Instead of focusing on its one and only true competency – building a browser, i.e., improving on the once innovative and powerful Firefox, and worrying hard about its diminishing market share at the expense of Google’s Chrome – and financial dependence on Google’s hundreds of millions of dollars a year (thanks to the default search deal) – Mozilla keeps wasting its energy and the trust of its users on failed products, and on meddling in politics.

After having to fire about one quarter of its workforce (250 people, mostly engineers) – with some sources saying the announcement read like “some kind of utopian fan fiction” – Mozilla now offers us a bit of dystopian fan fiction through a piece of research that came out of its Fellowships & Awards program.

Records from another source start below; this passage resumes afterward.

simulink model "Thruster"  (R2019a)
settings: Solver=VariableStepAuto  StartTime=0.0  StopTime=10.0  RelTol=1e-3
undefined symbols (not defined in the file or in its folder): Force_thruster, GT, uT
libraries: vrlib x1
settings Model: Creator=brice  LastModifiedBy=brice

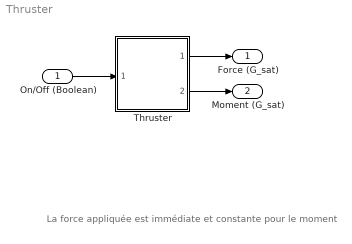
== system Thruster ==
  note: La force appliquée est immédiate et constante pour le moment
  On/Off (Boolean) : Inport
  Thruster : Subsystem
  Force (G_sat) : Outport
  Moment (G_sat) : Outport  Port=2
  wires:
  On/Off (Boolean)/1 -> Thruster/1(On/Off (Boolean))
  Thruster/1(Force (G_sat)) -> Force (G_sat)/1
  Thruster/2(Moment (G_sat)) -> Moment (G_sat)/1

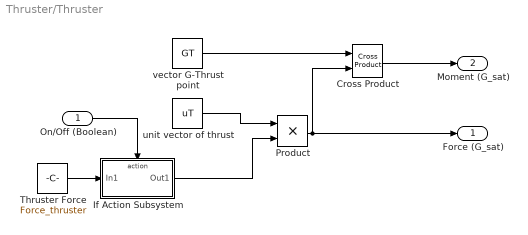
== system Thruster/Thruster ==
  On/Off (Boolean) : Inport
  Cross Product : vrlib/Utilities/Cross Product
      settings: SourceProductName=Simulink
  If Action Subsystem : Subsystem  TreatAsAtomicUnit=on
  Product : Product
  Thruster Force : Constant  Value=Force_thruster
  unit vector of thrust : Constant  Value=uT
  vector G-Thrust point : Constant  Value=GT
  Force (G_sat) : Outport
  Moment (G_sat) : Outport  Port=2
  wires:
  Product/1 -> Force (G_sat)/1, Cross Product/2
  On/Off (Boolean)/1 -> If Action Subsystem/Action
  If Action Subsystem/1(Out1) -> Product/2
  vector G-Thrust point/1 -> Cross Product/1
  unit vector of thrust/1 -> Product/1
  Cross Product/1 -> Moment (G_sat)/1
  Thruster Force/1 -> If Action Subsystem/1(In1)

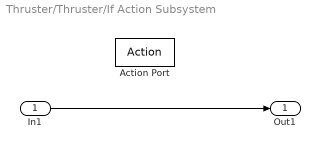
== system Thruster/Thruster/If Action Subsystem ==
  In1 : Inport
  Action Port : ActionPort
  Out1 : Outport  VectorParamsAs1DForOutWhenUnconnected=on
  wires:
  In1/1 -> Out1/1

And it goes after nothing less than decentralized networks and open source tech, as that yet uncurbed portion of the internet (now that, Mozilla and/or its mentors must believe that the corporate, centralized ones are fully controlled.)

The name of the report speaks for itself: “The Decentralized Web of Hate” – this alone could pass off as “hate speech” against one of the internet’s last best hopes.

The focus on the paper is not to present, bolster, and promote technology like P2P networks for all its immensely useful uses, but to present it as as one increasingly used by “bad actors” – parroting all the usual points that lead to massive censorship on big centralized platforms: misinformation, hate speech and toxicity.

Users are condescendingly referred to as “impressionable” (by freedom of expression?) as they escape the likes of Twitter and YouTube for alternative platforms.

The whole piece reads like a pamphlet urging those with power to now zero in on decentralized networks and find a way to censor them as well.

“As major internet platforms like Twitter and YouTube crack down on hate groups, these (decentralized) online communities don’t just go away” – this is the kind of thing Mozilla will publish on its blog these days.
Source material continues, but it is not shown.